WHAT YOU HAVE TO DO =>
Given the entries that follow, write out exactly the lines starting at the one containing "line L18 (-2.5, -8) -> (0, -5.5)" and ending at the one containing "line L23 (0, 0) -> (0, -3.5)", both ends included, and only those.

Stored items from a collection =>
•••

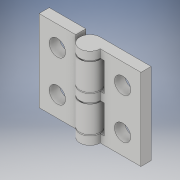
# Autodesk Inventor part: 26 scharnier 0.2 mm speling
Saved by Autodesk Inventor 2019 (Build 230136000, 136)
## iProperties
Created: 2021-01-06
Part Number: 26 scharnier 0.2 mm speling
Material: Generic
Document SubType Name: Modeling
Designer: semboonen
Density: 1 g/cm^3
Appearance: Default
Author: semboonen
Autodesk Inventor part; units mm, degrees
ref_plane "YZ Plane" through (0, 0, 0) normal (1, 0, 0) x (0, 1, 0)
sketch "Sketch1" plane through (0, 0, 0) normal (0, 0, 1) x (1, 0, 0)
  line L0 (12.5, -10) -> (12.5, 10)
  line L1 (-12.5, 10) -> (-12.5, -10)
  line L2 (-12.5, -10) -> (12.5, 10) construction
  line L3 (12.5, -10) -> (-12.5, 10) construction
  line L4 (2.5, -10) -> (2.5, 10)
  line L5 (-2.5, 10) -> (-2.5, -10)
  line L6 (-2.5, -10) -> (2.5, 10) construction
  line L7 (2.5, -10) -> (-2.5, 10) construction
  line L8 (12.5, 10) -> (2.5, 10)
  line L9 (-2.5, 10) -> (-12.5, 10)
  line L10 (-12.5, -10) -> (-2.5, -10)
  line L11 (2.5, -10) -> (12.5, -10)
  point P0 (0, 0)
  dimension "d0" = 25
  dimension "d1" = 20
  dimension "d2" = 5
  dimension "d3" = 20
  dimension "d4" = 38.66
  dimension "d5" = 75.964
  constraints: 24 end point, 4 equal length, 4 midpoint, 1 horizontal, 1 vertical
  measures "d0" distance of L1.start L0.end
  measures "d1" distance of L0.start L0.end
  measures "d2" distance of L5.start L4.end
  measures "d3" distance of L4.end L4.start
  measures "d4" angle of L8 L3
  measures "d5" angle of L11 L6
extrude "Extrusion1" add sketch "Sketch1" along normal blind 2.5
sketch "Sketch2" plane through (0, 0, 2.5) normal (0, 0, 1) x (1, 0, 0)
  line L0 (-2.5, -10) -> (-2.5, 10) projected
  line L1 (12.5, 10) -> (2.5, 10) projected
  line L2 (-2.5, 10) -> (0, 10)
  line L3 (2.5, 10) -> (2.5, -10) projected
  line L4 (-2.5, 10) -> (-2.5, 8)
  line L5 (-2.5, 8) -> (0, 5.5)
  line L6 (0, 5.5) -> (0, 10)
  line L7 (-2.5, 7.75) -> (0, 5.25)
  line L8 (-2.5, 7.75) -> (1.5, 7.75) construction
  line L9 (-2.5, 0) -> (-2.5, 1)
  line L10 (-2.5, 1) -> (0, 3.5)
  line L11 (0, 0) -> (0, 3.5)
  line L12 (-2.5, 1) -> (-2.5, 1.25) construction
  line L13 (-2.5, 1.25) -> (0, 3.75)
  line L14 (0, 3.75) -> (0, 5.25)
  line L15 (-2.5, 1.25) -> (-2.5, 7.75)
  line L16 (-2.5, -10) -> (0, -10)
  line L17 (-2.5, -10) -> (-2.5, -8)
  line L18 (-2.5, -8) -> (0, -5.5)
  line L19 (0, -5.5) -> (0, -10)
  line L20 (-2.5, -7.75) -> (0, -5.25)
  line L21 (-2.5, 0) -> (-2.5, -1)
  line L22 (-2.5, -1) -> (0, -3.5)
  line L23 (0, 0) -> (0, -3.5)
  line L24 (-2.5, -1) -> (-2.5, -1.25) construction
  line L25 (-2.5, -1.25) -> (0, -3.75)
  line L26 (0, -3.75) -> (0, -5.25)
  line L27 (-2.5, -1.25) -> (-2.5, -7.75)
  dimension "d11" = 2
  dimension "d12" = 135
  dimension "d14" = 45
  dimension "d15" = 1
  dimension "d17" = 135
  dimension "d18" = 0.25
  dimension "d19" = 90
  dimension "d20" = 90
  dimension "d21" = 90
  dimension "d22" = 90
  dimension "d23" = 90
  dimension "d24" = 90
  dimension "d25" = 90
  dimension "d26" = 2.5
  dimension "d27" = 2.25
  dimension "d28" = 2.5
  dimension "d29" = 6.1872
  dimension "d30" = 6.364
  dimension "d31" = 6.1872
  dimension "d32" = 6.364
  dimension "d33" = 12.5
  dimension "d34" = 12.5
  dimension "d35" = 1
  constraints: 50 end point, 8 parallel, 4 point on line, 2 horizontal, 1 collinear, 1 midpoint, 1 vertical
  measures "d11" distance of L0.end L4.end
  measures "d12" angle of L5 L4
  measures "d14" angle of L7 L8
  measures "d15" distance of L9.start L9.end
  measures "d17" angle of L9 L10
  measures "d18" distance of L9.end L12.end
  measures "d19" angle of L1 L11
  measures "d20" angle of L1 L23
  measures "d21" angle of L1 L26
  measures "d22" angle of L1 L21
  measures "d23" angle of L1 L24
  measures "d24" angle of L1 L27
  measures "d25" angle of L6 L1
  measures "d26" distance between parallel lines of L3 L14
  measures "d27" distance between parallel lines of L8 L1
  measures "d28" distance between parallel lines of L19 L3
  measures "d29" distance between parallel lines of L22 L7
  measures "d30" distance between parallel lines of L25 L7
  measures "d31" distance between parallel lines of L10 L20
  measures "d32" distance between parallel lines of L18 L10
  measures "d33" distance from line of L1.start L6
  measures "d34" distance from line of L1.start L26
  measures "d35" distance from line of L8.end L3
revolve "Revolution1" add sketch "Sketch2" angle 360 about axis through (0, 0, 2.5) along (0, 1, 0)
sketch "Sketch4" plane through (0, 0, 2.5) normal (0, 0, 1) x (1, 0, 0)
  line L0 (-2.5, -8) -> (-2.5, 8) projected
  line L1 (-2.5, 7.75) -> (-3.5, 7.75)
  line L2 (-3.5, 7.75) -> (-3.5, 10)
  line L3 (-3.5, 10) -> (-2.5, 10)
  line L4 (-2.5, 10) -> (-2.5, 7.75)
  line L5 (2.5, 10) -> (2.5, 8) projected
  line L6 (2.5, 8) -> (3.5, 8)
  line L7 (3.5, 8) -> (3.5, 1)
  line L8 (3.5, 1) -> (2.5, 1)
  line L9 (2.5, 1) -> (2.5, 8)
  line L10 (-2.5, -7.75) -> (-2.5, -1.25) projected
  line L11 (-2.5, -1.25) -> (-3.5, -1.25)
  line L12 (-3.5, -1.25) -> (-3.5, 1.25)
  line L13 (-3.5, 1.25) -> (-2.5, 1.25)
  line L14 (-2.5, 1.25) -> (-2.5, -1.25)
  line L15 (2.5, 1) -> (2.5, -1) projected
  line L16 (2.5, -1) -> (3.5, -1)
  line L17 (3.5, -1) -> (3.5, -8)
  line L18 (3.5, -8) -> (2.5, -8)
  line L19 (2.5, -8) -> (2.5, -1)
  line L20 (2.5, -7.75) -> (2.5, -7.75) projected
  line L21 (-2.5, -10) -> (-12.5, -10) projected
  line L22 (-2.5, -7.75) -> (-3.5, -7.75)
  line L23 (-3.5, -7.75) -> (-3.5, -10)
  line L24 (-3.5, -10) -> (-2.5, -10)
  line L25 (-2.5, -10) -> (-2.5, -7.75)
  point P0 (0, 0)
  dimension "d39" = 1
  dimension "d40" = 2.25
  dimension "d41" = 1
  dimension "d42" = 7
  dimension "d43" = 1
  dimension "d44" = 2.5
  dimension "d45" = 1
  dimension "d46" = 7
  dimension "d47" = 1
  constraints: 40 end point, 10 parallel, 5 horizontal, 5 perpendicular, 1 horizontal alignment, 1 point on line
  measures "d39" distance of L2.end L3.end
  measures "d40" distance of L1.end L2.end
  measures "d41" distance of L7.end L8.end
  measures "d42" distance of L6.end L7.end
  measures "d43" distance of L12.end L13.end
  measures "d44" distance of L11.end L12.end
  measures "d45" distance of L17.end L18.end
  measures "d46" distance of L16.end L17.end
  measures "d47" distance of L24.end L23.end
extrude "Extrusion3" cut sketch "Sketch4" against normal blind 2.5
sketch "Sketch5" plane through (0, 0, 2.5) normal (0, 0, 1) x (1, 0, 0)
  circle A0 centre (8, -5) radius 2
  line L0 (2.5, -10) -> (12.5, -10) projected
  line L1 (12.5, -10) -> (12.5, 10) projected
  line L2 (-12.5, 10) -> (-12.5, -10) projected
  line L3 (-12.5, -10) -> (-3.5, -10) projected
  circle A1 centre (8, 5) radius 2
  circle A2 centre (-8, -5) radius 2
  circle A3 centre (-8, 5) radius 2
  point P0 (0, 0)
  dimension "d50" = 4
  dimension "d51" = 5
  dimension "d52" = 4.5
  dimension "d57" = 10
  dimension "d60" = 16
  constraints: 4 centre point, 1 horizontal, 1 vertical, 6 other
  measures "d50" diameter of A0
  measures "d51" distance from line of L0 A0.centre
  measures "d52" distance from line of L1 A0.centre
  measures "d57" distance of A0.centre A1.centre
  measures "d60" distance of A0.centre A2.centre
extrude "Extrusion4" cut sketch "Sketch5" against normal blind 2.5
sketch "Sketch6" plane through (0, 0, 0) normal (0, 0, -1) x (-1, 0, 0)
  line L0 (2.5, 10) -> (-2.5, 10) projected
  line L1 (2.5, 8) -> (-2.5, 8) projected
  line L2 (-2.5, 10) -> (0, 10)
  line L3 (0, 10) -> (0, 8)
  line L4 (0, 8) -> (-2.5, 8)
  line L5 (-2.5, 8) -> (-2.5, 10)
  line L6 (2.5, -1) -> (-2.5, -1) projected
  line L7 (-2.5, 1) -> (0, 1)
  line L8 (0, 1) -> (0, -1)
  line L9 (0, -1) -> (-2.5, -1)
  line L10 (-2.5, -1) -> (-2.5, 1)
  line L11 (-2.5, -8) -> (-2.5, -10) projected
  line L12 (2.5, -10) -> (-2.5, -10) projected
  line L13 (-2.5, -8) -> (0, -8)
  line L14 (0, -8) -> (0, -10)
  line L15 (0, -10) -> (-2.5, -10)
  line L16 (-2.5, -10) -> (-2.5, -8)
  line L17 (2.5, -1.25) -> (0, -3.75) projected
  line L18 (0, -3.75) -> (2.5, -3.75)
  line L19 (2.5, -3.75) -> (2.5, -5.25)
  line L20 (2.5, -5.25) -> (0, -5.25)
  line L21 (0, -5.25) -> (0, -3.75)
  line L22 (2.5, 7.75) -> (0, 5.25) projected
  line L23 (0, 5.25) -> (2.5, 5.25)
  line L24 (2.5, 5.25) -> (2.5, 3.75)
  line L25 (2.5, 3.75) -> (0, 3.75)
  line L26 (0, 3.75) -> (0, 5.25)
  point P0 (0, 0)
  dimension "d65" = 5
  dimension "d66" = 6.25
  dimension "d67" = 15.25
  constraints: 40 end point, 10 parallel, 5 horizontal, 5 perpendicular, 5 point on line, 3 midpoint
  measures "d65" distance between parallel lines of L11 L19
  measures "d66" distance between parallel lines of L25 L0
  measures "d67" distance between parallel lines of L20 L0
extrude "Extrusion5" add sketch "Sketch6" against normal blind 2.5
ref_plane "Work Plane1" through (-2.5, -4.5, 0) normal (0, -1, 0) x (1, 0, 0)
sketch "Sketch7" plane through (-2.5, -4.5, 0) normal (0, -1, 0) x (1, 0, 0)
  line L0 (2.5, 0) -> (0, 0) projected
  line L1 (0, 0) -> (2.5, 0)
  line L2 (0, 0) -> (0, 2.5) projected
  line L3 (0, 0) -> (0, 2.5)
  line L4 (15, 0) -> (2.5, 0) projected
  arc A0 (0, 2.5) -> (2.5, 0) centre (2.5, 2.5) ccw
  constraints: 4 end point, 2 collinear, 2 point on circle, 1 centre point
extrude "Extrusion6" add sketch "Sketch7" along normal mid plane 6.5
ref_plane "Work Plane2" through (-2.5, 4.5, 0) normal (0, -1, 0) x (1, 0, 0)
sketch "Sketch8" plane through (-2.5, 4.5, 0) normal (0, -1, 0) x (1, 0, 0)
  arc A0 (0, 2.5) -> (2.5, 0) centre (2.5, 2.5) ccw projected
  line L0 (0, 2.5) -> (0, 0)
  line L1 (0, 0) -> (2.5, 0)
  line L2 (0, 2.5) -> (-1, 2.5) projected
  arc A1 (0, 2.5) -> (2.5, 0) centre (2.5, 2.5) ccw
  constraints: 4 end point, 2 point on circle, 2 tangent, 1 centre point, 1 concentric, 1 perpendicular, 1 vertical
extrude "Extrusion7" add sketch "Sketch8" along normal mid plane 6.5
body "Solid1"
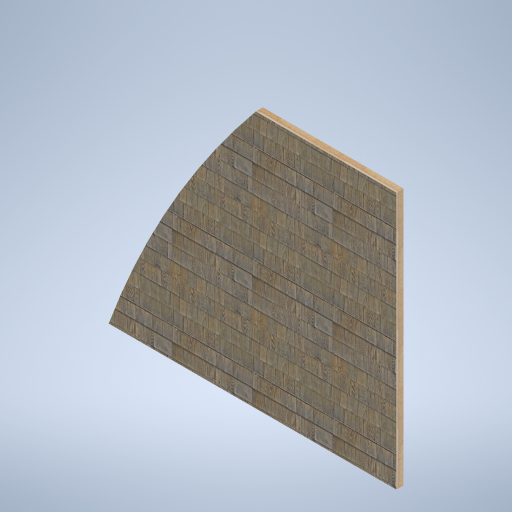
# Autodesk Inventor part: front_wall_block02
Saved by Autodesk Inventor 2024.2 (Build 282272000, 272)
## iProperties
Created: 2024-05-21
Part Number: front_wall_block02
Material: Wood (Maple)
Document SubType Name: Modeling
Designer: LOSTER_1
Density: 0.67 g/cm^3
Appearance: Natural Maple - Glossy Dark Tint
Author: LOSTER_1
Autodesk Inventor part; units mm, degrees
ref_plane "YZ Plane" through (0, 0, 0) normal (1, 0, 0) x (0, 1, 0)
ref_plane "XZ Plane" through (0, 0, 0) normal (0, 1, 0) x (-1, 0, 0)
ref_plane "XY Plane" through (0, 0, 0) normal (0, 0, 1) x (1, 0, 0)
sketch "Sketch1" plane through (0, 0, 0) normal (0, 0, 1) x (1, 0, 0)
  line L0 (-2952.1677, 2077.9155) -> (-1351.8191, 2077.9155)
  arc A0 (-2952.1677, 2077.9155) -> (-4628.6725, -853.7094) centre (4765.7133, -4280.8825) ccw
  line L1 (-1351.8191, 2077.9155) -> (-1351.8191, -853.7094)
  line L2 (-1351.8191, -853.7094) -> (-4628.6725, -853.7094)
  constraints: 6 end point, 2 point on circle, 1 centre point
extrude "Extrusion1" add sketch "Sketch1" along normal blind 80
body "Solid1"
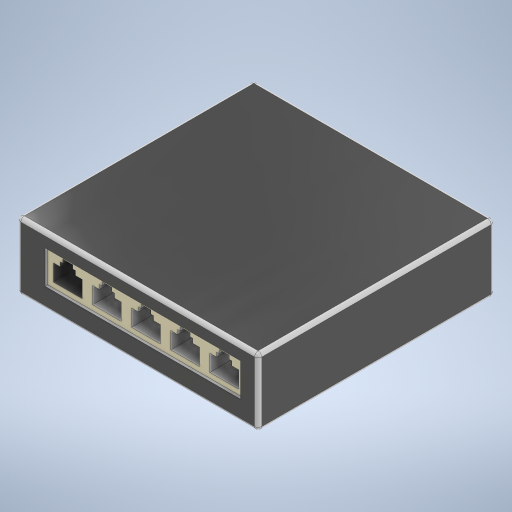
# Autodesk Inventor part: 5-port-switch
Saved by Autodesk Inventor 2023 (Build 270158030, 158C)
## iProperties
Created: 2024-03-26
Part Number: 5-port-switch
Material: Generic
Document SubType Name: Modeling
Designer: Imogen Heard
Density: 1 g/cm^3
Appearance: Default
Author: Imogen Heard
Autodesk Inventor part; units mm, degrees
ref_plane "YZ Plane" through (0, 0, 0) normal (1, 0, 0) x (0, 1, 0)
ref_plane "XZ Plane" through (0, 0, 0) normal (0, 1, 0) x (-1, 0, 0)
ref_plane "XY Plane" through (0, 0, 0) normal (0, 0, 1) x (1, 0, 0)
sketch "Sketch1" plane through (0, 0, 0) normal (0, 1, 0) x (-1, 0, 0)
  line L0 (50.2, -49.3) -> (-50.2, -49.3)
  line L1 (-50.2, -49.3) -> (-50.2, 49.3)
  line L2 (-50.2, 49.3) -> (50.2, 49.3)
  line L3 (50.2, 49.3) -> (50.2, -49.3)
  point P0 (0, 0)
  dimension "d0" = 100.4
  dimension "d1" = 98.6
  dimension "d2" = 49.3
  dimension "d3" = 50.2
  constraints: 8 end point, 2 parallel, 1 horizontal, 1 perpendicular
  measures "d0" distance between parallel lines of L1 L3
  measures "d1" distance between parallel lines of L2 L0
  measures "d2" distance from line of point (0, 0) L0
  measures "d3" distance from line of point (0, 0) L3
extrude "Extrusion1" add sketch "Sketch1" along normal blind 28.1
sketch "Sketch2" plane through (-50.2, 0, 49.3) normal (0, 0, 1) x (1, 0, 0)
  line L0 (11.65, 22.3) -> (93.1, 22.3)
  line L1 (93.1, 22.3) -> (93.1, 8.5)
  line L2 (93.1, 8.5) -> (11.65, 8.5)
  line L3 (11.65, 8.5) -> (11.65, 22.3)
  line L4 (100.4, 0) -> (100.4, 28.1) projected
  line L5 (0, 0) -> (0, 28.1) projected
  line L6 (0, 28.1) -> (100.4, 28.1) projected
  line L7 (0, 0) -> (100.4, 0) projected
  point P0 (50.2, 0)
  point P1 (100.4, 14.05)
  dimension "d6" = 7.3
  dimension "d7" = 11.65
  dimension "d8" = 5.8
  dimension "d9" = 8.5
  constraints: 8 end point, 2 parallel, 1 horizontal, 1 midpoint, 1 perpendicular
  measures "d6" distance from line of point (100.4, 14.05) L1
  measures "d7" distance between parallel lines of L5 L3
  measures "d8" distance between parallel lines of L6 L0
  measures "d9" distance between parallel lines of L7 L2
extrude "Extrusion2" cut sketch "Sketch2" against normal blind 1.08 contours L0 L1 L2 L3
sketch "Sketch3" plane through (-50.2, 0, 48.22) normal (0, 0, 1) x (1, 0, 0)
  line L0 (14, 17.6) -> (26, 17.6)
  line L1 (26, 17.6) -> (26, 10.65)
  line L2 (26, 10.65) -> (14, 10.65)
  line L3 (14, 10.65) -> (14, 17.6)
  line L4 (16.825, 19.4) -> (23.175, 19.4)
  line L5 (23.175, 19.4) -> (23.175, 17.6)
  line L6 (23.175, 17.6) -> (16.825, 17.6)
  line L7 (16.825, 17.6) -> (16.825, 19.4)
  line L8 (17.95, 20.92) -> (22.05, 20.92)
  line L9 (22.05, 20.92) -> (22.05, 19.4)
  line L10 (22.05, 19.4) -> (17.95, 19.4)
  line L11 (17.95, 19.4) -> (17.95, 20.92)
  line L12 (93.1, 8.5) -> (11.65, 8.5) projected
  line L13 (11.65, 8.5) -> (11.65, 22.3) projected
  point P0 (50.2, 0)
  point P1 (17.95, 19.4)
  dimension "d12" = 12
  dimension "d13" = 6.35
  dimension "d14" = 4.1
  dimension "d15" = 2.825
  dimension "d16" = 2.825
  dimension "d17" = 1.125
  dimension "d18" = 1.125
  dimension "d19" = 6.95
  dimension "d20" = 1.8
  dimension "d21" = 1.52
  dimension "d22" = 2.15
  dimension "d23" = 2.35
  constraints: 24 end point, 6 parallel, 3 horizontal, 3 perpendicular, 2 point on line
  measures "d12" distance between parallel lines of L1 L3
  measures "d13" distance between parallel lines of L5 L7
  measures "d14" distance between parallel lines of L9 L11
  measures "d15" distance between parallel lines of L3 L7
  measures "d16" distance between parallel lines of L1 L5
  measures "d17" distance between parallel lines of L7 L11
  measures "d18" distance between parallel lines of L5 L9
  measures "d19" distance between parallel lines of L2 L0
  measures "d20" distance between parallel lines of L0 L4
  measures "d21" distance between parallel lines of L4 L8
  measures "d22" distance between parallel lines of L12 L2
  measures "d23" distance between parallel lines of L13 L3
extrude "Extrusion3" cut sketch "Sketch3" against normal blind 11.78
pattern_linear "Rectangular Pattern1" count 5 spacing 16.3 along (1, 0, 0) of "Extrusion3"
fillet "Fillet1" radius 1.5 12 edges at (0, 28.1, -49.3) (-50.2, 28.1, 0) (0, 28.1, 49.3) (50.2, 28.1, 0) (50.2, 14.05, 49.3) (-50.2, 14.05, 49.3) (-50.2, 14.05, -49.3) (-50.2, 0, 0) (0, 0, -49.3) (50.2, 14.05, -49.3) (50.2, 0, 0) (0, 0, 49.3)
equation "\"d2\" = 0.5 * d1"
equation "\"d3\" = 0.5 * d0"
body "Solid1"

•••

RESULT FOR THIS TASK =>
  line L18 (-2.5, -8) -> (0, -5.5)
  line L19 (0, -5.5) -> (0, -10)
  line L20 (-2.5, -7.75) -> (0, -5.25)
  line L21 (-2.5, 0) -> (-2.5, -1)
  line L22 (-2.5, -1) -> (0, -3.5)
  line L23 (0, 0) -> (0, -3.5)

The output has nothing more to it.